In determining whether a defendant, with effective assistance,
would have accepted the offer, pertinent factors to be considered include:
whether counsel actually and accurately communicated the offer to the
defendant; the advice, if any, given by counsel; the disparity between the
terms of the proposed plea bargain and the probable consequences of
proceeding to trial, as viewed at the time of the offer; and whether the
defendant indicated he or she was amenable to negotiating a plea bargain.
In this context, a defendant’s self-serving statement – after trial, conviction,
and sentence – that with competent advice he or she would [not] have
accepted a proffered plea bargain, is insufficient in and of itself to sustain
the defendant’s burden of proof as to prejudice, and must be corroborated
independently by objective evidence. A contrary holding would lead to an
unchecked flow of easily fabricated claims. (citation omitted).
As stated above, when defendants claim they received ineffective
assistance of counsel at the plea bargain stage, they must show that had they
received effective representation, they would not have accepted the offer.
(citations omitted). . . .
The Attorney General rightly reminds us, however, that petitioner’s
assertion he would not have pled guilty if given competent advice “must be
corroborated independently by objective evidence.” (citations omitted). . . .

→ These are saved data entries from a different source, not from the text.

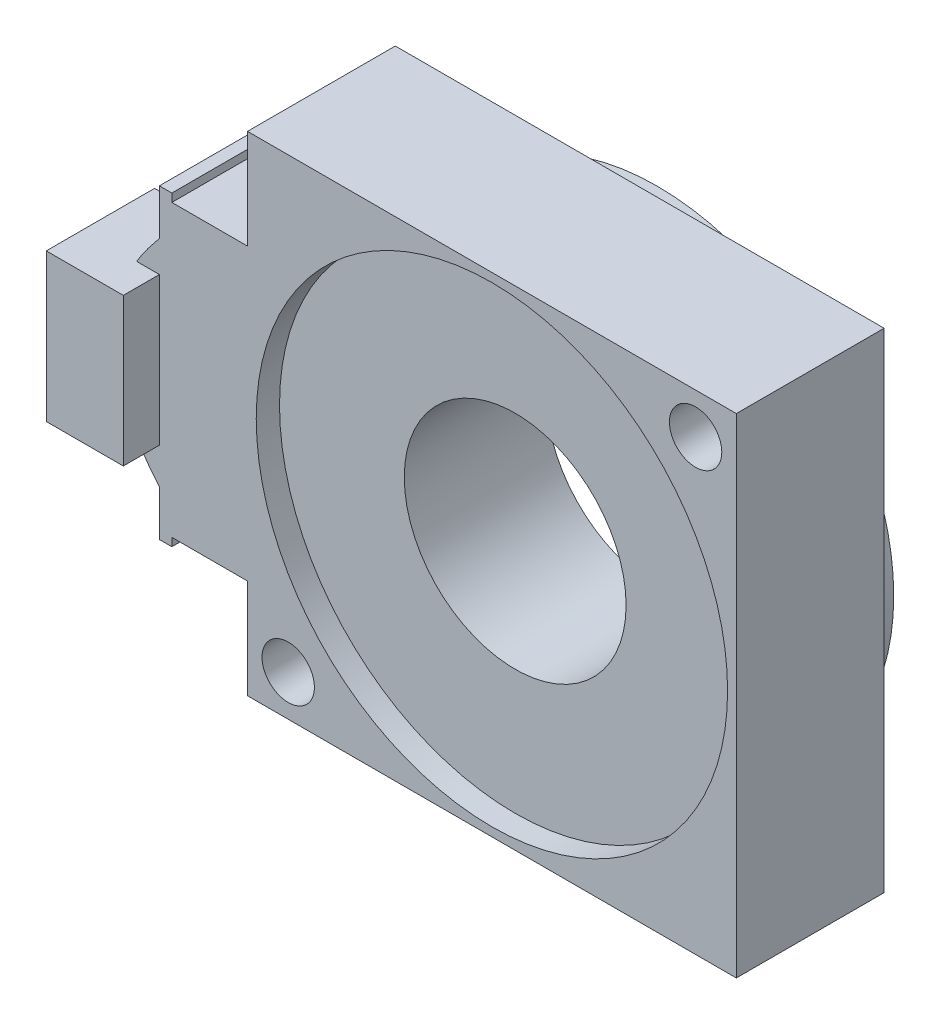
ISO-10303-21;
HEADER;
FILE_DESCRIPTION(('STEP AP214'),'2;1');
FILE_NAME('part.step','',(''),(''),'','','');
FILE_SCHEMA(('AUTOMOTIVE_DESIGN { 1 0 10303 214 1 1 1 1 }'));
ENDSEC;
DATA;
#1=APPLICATION_CONTEXT('core data for automotive mechanical design processes');
#2=APPLICATION_PROTOCOL_DEFINITION('international standard','automotive_design',2000,#1);
#3=PRODUCT_CONTEXT('',#1,'mechanical');
#4=PRODUCT('Part','Part','',(#3));
#5=PRODUCT_RELATED_PRODUCT_CATEGORY('part','',(#4));
#6=PRODUCT_DEFINITION_FORMATION('','',#4);
#7=PRODUCT_DEFINITION_CONTEXT('part definition',#1,'design');
#8=PRODUCT_DEFINITION('design','',#6,#7);
#9=PRODUCT_DEFINITION_SHAPE('','',#8);
#10=(LENGTH_UNIT() NAMED_UNIT(*) SI_UNIT(.MILLI.,.METRE.));
#11=(NAMED_UNIT(*) PLANE_ANGLE_UNIT() SI_UNIT($,.RADIAN.));
#12=(NAMED_UNIT(*) SI_UNIT($,.STERADIAN.) SOLID_ANGLE_UNIT());
#13=UNCERTAINTY_MEASURE_WITH_UNIT(LENGTH_MEASURE(1.E-05),#10,'distance_accuracy_value','');
#14=(GEOMETRIC_REPRESENTATION_CONTEXT(3) GLOBAL_UNCERTAINTY_ASSIGNED_CONTEXT((#13)) GLOBAL_UNIT_ASSIGNED_CONTEXT((#10,
#11,#12)) REPRESENTATION_CONTEXT('',''));
#15=CARTESIAN_POINT('',(0.,0.,0.));
#16=DIRECTION('',(0.,0.,1.));
#17=DIRECTION('',(1.,0.,0.));
#18=AXIS2_PLACEMENT_3D('',#15,#16,#17);
#19=CARTESIAN_POINT('',(0.,0.,12.7));
#20=DIRECTION('',(0.,0.,1.));
#21=DIRECTION('',(1.,0.,0.));
#22=AXIS2_PLACEMENT_3D('',#19,#20,#21);
#23=PLANE('',#22);
#24=CARTESIAN_POINT('',(0.,0.,12.7));
#25=DIRECTION('',(0.,0.,1.));
#26=DIRECTION('',(1.,0.,0.));
#27=AXIS2_PLACEMENT_3D('',#24,#25,#26);
#28=CIRCLE('',#27,20.25);
#29=CARTESIAN_POINT('',(20.25,0.,12.7));
#30=VERTEX_POINT('',#29);
#31=EDGE_CURVE('E226',#30,#30,#28,.T.);
#32=ORIENTED_EDGE('',*,*,#31,.F.);
#33=EDGE_LOOP('',(#32));
#34=FACE_BOUND('',#33,.T.);
#35=CARTESIAN_POINT('',(17.5008928343671,17.5008928343671,12.7));
#36=DIRECTION('',(0.,0.,1.));
#37=DIRECTION('',(1.,0.,0.));
#38=AXIS2_PLACEMENT_3D('',#35,#36,#37);
#39=CIRCLE('',#38,2.25);
#40=CARTESIAN_POINT('',(19.7508928343671,17.5008928343671,12.7));
#41=VERTEX_POINT('',#40);
#42=EDGE_CURVE('E412',#41,#41,#39,.T.);
#43=ORIENTED_EDGE('',*,*,#42,.F.);
#44=EDGE_LOOP('',(#43));
#45=FACE_BOUND('',#44,.T.);
#46=CARTESIAN_POINT('',(-17.5008928343671,-17.5008928343671,12.7));
#47=DIRECTION('',(0.,0.,1.));
#48=DIRECTION('',(-1.,0.,0.));
#49=AXIS2_PLACEMENT_3D('',#46,#47,#48);
#50=CIRCLE('',#49,2.25);
#51=CARTESIAN_POINT('',(-19.7508928343671,-17.5008928343671,12.7));
#52=VERTEX_POINT('',#51);
#53=EDGE_CURVE('E419',#52,#52,#50,.T.);
#54=ORIENTED_EDGE('',*,*,#53,.F.);
#55=EDGE_LOOP('',(#54));
#56=FACE_BOUND('',#55,.T.);
#57=CARTESIAN_POINT('',(-28.57,9.24089283436704,12.7));
#58=CARTESIAN_POINT('',(-36.45,0.,12.7));
#59=CARTESIAN_POINT('',(-28.57,-9.24089283436705,12.7));
#60=B_SPLINE_CURVE_WITH_KNOTS('',2,(#57,#58,#59),.UNSPECIFIED.,.F.,.F.,(3,3),(0.,1.),.UNSPECIFIED.);
#61=CARTESIAN_POINT('',(-28.57,9.24089283436704,12.7));
#62=VERTEX_POINT('',#61);
#63=CARTESIAN_POINT('',(-30.5239314132723,6.56089283436704,12.7));
#64=VERTEX_POINT('',#63);
#65=EDGE_CURVE('E362',#62,#64,#60,.T.);
#66=ORIENTED_EDGE('',*,*,#65,.T.);
#67=DIRECTION('',(1.,0.,0.));
#68=VECTOR('',#67,1.);
#69=CARTESIAN_POINT('',(0.,6.56089283436705,12.7));
#70=LINE('',#69,#68);
#71=CARTESIAN_POINT('',(-28.57,6.56089283436704,12.7));
#72=VERTEX_POINT('',#71);
#73=EDGE_CURVE('E216',#64,#72,#70,.T.);
#74=ORIENTED_EDGE('',*,*,#73,.T.);
#75=DIRECTION('',(0.,-1.,0.));
#76=VECTOR('',#75,1.);
#77=CARTESIAN_POINT('',(-28.57,0.,12.7));
#78=LINE('',#77,#76);
#79=CARTESIAN_POINT('',(-28.57,-6.13910716563296,12.7));
#80=VERTEX_POINT('',#79);
#81=EDGE_CURVE('E11',#72,#80,#78,.T.);
#82=ORIENTED_EDGE('',*,*,#81,.T.);
#83=DIRECTION('',(-1.,0.,0.));
#84=VECTOR('',#83,1.);
#85=CARTESIAN_POINT('',(0.,-6.13910716563296,12.7));
#86=LINE('',#85,#84);
#87=CARTESIAN_POINT('',(-30.7710832797259,-6.13910716563296,12.7));
#88=VERTEX_POINT('',#87);
#89=EDGE_CURVE('E213',#80,#88,#86,.T.);
#90=ORIENTED_EDGE('',*,*,#89,.T.);
#91=CARTESIAN_POINT('',(-28.57,-9.24089283436705,12.7));
#92=VERTEX_POINT('',#91);
#93=EDGE_CURVE('E369',#88,#92,#60,.T.);
#94=ORIENTED_EDGE('',*,*,#93,.T.);
#95=DIRECTION('',(0.,-1.,0.));
#96=VECTOR('',#95,1.);
#97=CARTESIAN_POINT('',(-28.57,-13.1608928343671,12.7));
#98=LINE('',#97,#96);
#99=CARTESIAN_POINT('',(-28.57,-13.1608928343671,12.7));
#100=VERTEX_POINT('',#99);
#101=EDGE_CURVE('E368',#92,#100,#98,.T.);
#102=ORIENTED_EDGE('',*,*,#101,.T.);
#103=DIRECTION('',(1.,0.,0.));
#104=VECTOR('',#103,1.);
#105=CARTESIAN_POINT('',(-27.5,-13.1608928343671,12.7));
#106=LINE('',#105,#104);
#107=CARTESIAN_POINT('',(-27.5,-13.1608928343671,12.7));
#108=VERTEX_POINT('',#107);
#109=EDGE_CURVE('E372',#100,#108,#106,.T.);
#110=ORIENTED_EDGE('',*,*,#109,.T.);
#111=DIRECTION('',(0.,1.,0.));
#112=VECTOR('',#111,1.);
#113=CARTESIAN_POINT('',(-27.5,-12.4608928343671,12.7));
#114=LINE('',#113,#112);
#115=CARTESIAN_POINT('',(-27.5,-12.4608928343671,12.7));
#116=VERTEX_POINT('',#115);
#117=EDGE_CURVE('E384',#108,#116,#114,.T.);
#118=ORIENTED_EDGE('',*,*,#117,.T.);
#119=DIRECTION('',(1.,0.,0.));
#120=VECTOR('',#119,1.);
#121=CARTESIAN_POINT('',(-21.,-12.4608928343671,12.7));
#122=LINE('',#121,#120);
#123=CARTESIAN_POINT('',(-21.,-12.4608928343671,12.7));
#124=VERTEX_POINT('',#123);
#125=EDGE_CURVE('E241',#116,#124,#122,.T.);
#126=ORIENTED_EDGE('',*,*,#125,.T.);
#127=DIRECTION('',(0.,-1.,0.));
#128=VECTOR('',#127,1.);
#129=CARTESIAN_POINT('',(-21.,21.,12.7));
#130=LINE('',#129,#128);
#131=CARTESIAN_POINT('',(-21.,-21.,12.7));
#132=VERTEX_POINT('',#131);
#133=EDGE_CURVE('E426',#124,#132,#130,.T.);
#134=ORIENTED_EDGE('',*,*,#133,.T.);
#135=DIRECTION('',(1.,0.,0.));
#136=VECTOR('',#135,1.);
#137=CARTESIAN_POINT('',(21.,-21.,12.7));
#138=LINE('',#137,#136);
#139=CARTESIAN_POINT('',(21.,-21.,12.7));
#140=VERTEX_POINT('',#139);
#141=EDGE_CURVE('E430',#132,#140,#138,.T.);
#142=ORIENTED_EDGE('',*,*,#141,.T.);
#143=DIRECTION('',(0.,1.,0.));
#144=VECTOR('',#143,1.);
#145=CARTESIAN_POINT('',(21.,21.,12.7));
#146=LINE('',#145,#144);
#147=CARTESIAN_POINT('',(21.,21.,12.7));
#148=VERTEX_POINT('',#147);
#149=EDGE_CURVE('E335',#140,#148,#146,.T.);
#150=ORIENTED_EDGE('',*,*,#149,.T.);
#151=DIRECTION('',(-1.,0.,0.));
#152=VECTOR('',#151,1.);
#153=CARTESIAN_POINT('',(0.,21.,12.7));
#154=LINE('',#153,#152);
#155=CARTESIAN_POINT('',(-21.,21.,12.7));
#156=VERTEX_POINT('',#155);
#157=EDGE_CURVE('E342',#148,#156,#154,.T.);
#158=ORIENTED_EDGE('',*,*,#157,.T.);
#159=CARTESIAN_POINT('',(-21.,12.4608928343671,12.7));
#160=VERTEX_POINT('',#159);
#161=EDGE_CURVE('E427',#156,#160,#130,.T.);
#162=ORIENTED_EDGE('',*,*,#161,.T.);
#163=DIRECTION('',(-1.,0.,0.));
#164=VECTOR('',#163,1.);
#165=CARTESIAN_POINT('',(-21.,12.460892834367,12.7));
#166=LINE('',#165,#164);
#167=CARTESIAN_POINT('',(-27.5,12.460892834367,12.7));
#168=VERTEX_POINT('',#167);
#169=EDGE_CURVE('E63',#160,#168,#166,.T.);
#170=ORIENTED_EDGE('',*,*,#169,.T.);
#171=DIRECTION('',(0.,1.,0.));
#172=VECTOR('',#171,1.);
#173=CARTESIAN_POINT('',(-27.5,12.460892834367,12.7));
#174=LINE('',#173,#172);
#175=CARTESIAN_POINT('',(-27.5,13.160892834367,12.7));
#176=VERTEX_POINT('',#175);
#177=EDGE_CURVE('E448',#168,#176,#174,.T.);
#178=ORIENTED_EDGE('',*,*,#177,.T.);
#179=DIRECTION('',(-1.,0.,0.));
#180=VECTOR('',#179,1.);
#181=CARTESIAN_POINT('',(-27.5,13.160892834367,12.7));
#182=LINE('',#181,#180);
#183=CARTESIAN_POINT('',(-28.57,13.160892834367,12.7));
#184=VERTEX_POINT('',#183);
#185=EDGE_CURVE('E450',#176,#184,#182,.T.);
#186=ORIENTED_EDGE('',*,*,#185,.T.);
#187=DIRECTION('',(0.,-1.,0.));
#188=VECTOR('',#187,1.);
#189=CARTESIAN_POINT('',(-28.57,13.160892834367,12.7));
#190=LINE('',#189,#188);
#191=EDGE_CURVE('E367',#184,#62,#190,.T.);
#192=ORIENTED_EDGE('',*,*,#191,.T.);
#193=EDGE_LOOP('',(#66,#74,#82,#90,#94,#102,#110,#118,#126,#134,#142,#150,#158,#162,#170,#178,
#186,#192));
#194=FACE_BOUND('',#193,.T.);
#195=ADVANCED_FACE('F40',(#34,#45,#56,#194),#23,.T.);
#196=CARTESIAN_POINT('',(-28.57,9.24089283436704,0.));
#197=CARTESIAN_POINT('',(-36.45,0.,0.));
#198=CARTESIAN_POINT('',(-28.57,-9.24089283436705,0.));
#199=B_SPLINE_CURVE_WITH_KNOTS('',2,(#196,#197,#198),.UNSPECIFIED.,.F.,.F.,(3,3),(0.,1.),.UNSPECIFIED.);
#200=DIRECTION('',(0.,0.,1.));
#201=VECTOR('',#200,1.);
#202=SURFACE_OF_LINEAR_EXTRUSION('',#199,#201);
#203=CARTESIAN_POINT('',(-28.57,9.24089283436704,6.5));
#204=CARTESIAN_POINT('',(-36.45,0.,6.5));
#205=CARTESIAN_POINT('',(-28.57,-9.24089283436705,6.5));
#206=B_SPLINE_CURVE_WITH_KNOTS('',2,(#203,#204,#205),.UNSPECIFIED.,.F.,.F.,(3,3),(0.,1.),.UNSPECIFIED.);
#207=CARTESIAN_POINT('',(-30.7710832797259,-6.13910716563296,6.5));
#208=VERTEX_POINT('',#207);
#209=CARTESIAN_POINT('',(-30.5239314132723,6.56089283436704,6.5));
#210=VERTEX_POINT('',#209);
#211=EDGE_CURVE('E230',#208,#210,#206,.F.);
#212=ORIENTED_EDGE('',*,*,#211,.T.);
#213=DIRECTION('',(0.,0.,1.));
#214=VECTOR('',#213,1.);
#215=CARTESIAN_POINT('',(-30.5239314132723,6.56089283436704,0.));
#216=LINE('',#215,#214);
#217=EDGE_CURVE('E48',#210,#64,#216,.T.);
#218=ORIENTED_EDGE('',*,*,#217,.T.);
#219=ORIENTED_EDGE('',*,*,#65,.F.);
#220=DIRECTION('',(0.,0.,1.));
#221=VECTOR('',#220,1.);
#222=CARTESIAN_POINT('',(-28.57,9.24089283436704,0.));
#223=LINE('',#222,#221);
#224=CARTESIAN_POINT('',(-28.57,9.24089283436704,0.));
#225=VERTEX_POINT('',#224);
#226=EDGE_CURVE('E401',#225,#62,#223,.T.);
#227=ORIENTED_EDGE('',*,*,#226,.F.);
#228=CARTESIAN_POINT('',(-28.57,-9.24089283436705,0.));
#229=VERTEX_POINT('',#228);
#230=EDGE_CURVE('E250',#225,#229,#199,.T.);
#231=ORIENTED_EDGE('',*,*,#230,.T.);
#232=DIRECTION('',(0.,0.,1.));
#233=VECTOR('',#232,1.);
#234=CARTESIAN_POINT('',(-28.57,-9.24089283436705,0.));
#235=LINE('',#234,#233);
#236=EDGE_CURVE('E398',#229,#92,#235,.T.);
#237=ORIENTED_EDGE('',*,*,#236,.T.);
#238=ORIENTED_EDGE('',*,*,#93,.F.);
#239=DIRECTION('',(0.,0.,1.));
#240=VECTOR('',#239,1.);
#241=CARTESIAN_POINT('',(-30.7710832797259,-6.13910716563296,0.));
#242=LINE('',#241,#240);
#243=EDGE_CURVE('E355',#88,#208,#242,.F.);
#244=ORIENTED_EDGE('',*,*,#243,.T.);
#245=EDGE_LOOP('',(#212,#218,#219,#227,#231,#237,#238,#244));
#246=FACE_BOUND('',#245,.T.);
#247=ADVANCED_FACE('F262',(#246),#202,.T.);
#248=CARTESIAN_POINT('',(-21.,21.,12.7));
#249=DIRECTION('',(1.,0.,0.));
#250=DIRECTION('',(0.,0.,-1.));
#251=AXIS2_PLACEMENT_3D('',#248,#249,#250);
#252=PLANE('',#251);
#253=DIRECTION('',(0.,0.,1.));
#254=VECTOR('',#253,1.);
#255=CARTESIAN_POINT('',(-21.,-12.4608928343671,0.));
#256=LINE('',#255,#254);
#257=CARTESIAN_POINT('',(-21.,-12.4608928343671,0.));
#258=VERTEX_POINT('',#257);
#259=EDGE_CURVE('E389',#258,#124,#256,.T.);
#260=ORIENTED_EDGE('',*,*,#259,.F.);
#261=DIRECTION('',(0.,-1.,0.));
#262=VECTOR('',#261,1.);
#263=CARTESIAN_POINT('',(-21.,21.,0.));
#264=LINE('',#263,#262);
#265=CARTESIAN_POINT('',(-21.,-21.,0.));
#266=VERTEX_POINT('',#265);
#267=EDGE_CURVE('E415',#258,#266,#264,.T.);
#268=ORIENTED_EDGE('',*,*,#267,.T.);
#269=DIRECTION('',(0.,0.,-1.));
#270=VECTOR('',#269,1.);
#271=CARTESIAN_POINT('',(-21.,-21.,12.7));
#272=LINE('',#271,#270);
#273=EDGE_CURVE('E325',#132,#266,#272,.T.);
#274=ORIENTED_EDGE('',*,*,#273,.F.);
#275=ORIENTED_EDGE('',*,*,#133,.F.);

Petitioner has failed to meet his burden of proof that he was
prejudiced by counsel’s decision and advice to enter a plea of guilty instead
of proceeding to trial and risking a possible death sentence. Petitioner has
therefore failed to set forth a prima facie case of ineffective assistance of
counsel so far as these claims are concerned. (citation omitted).
Conclusory allegations are insufficient to constitute a prima facie showing
for habeas corpus relief. (citations omitted). If no prima facie claim for
relief is stated, . . . the court will summarily deny the petition. (citation
omitted).
The Petition is hereby DENIED.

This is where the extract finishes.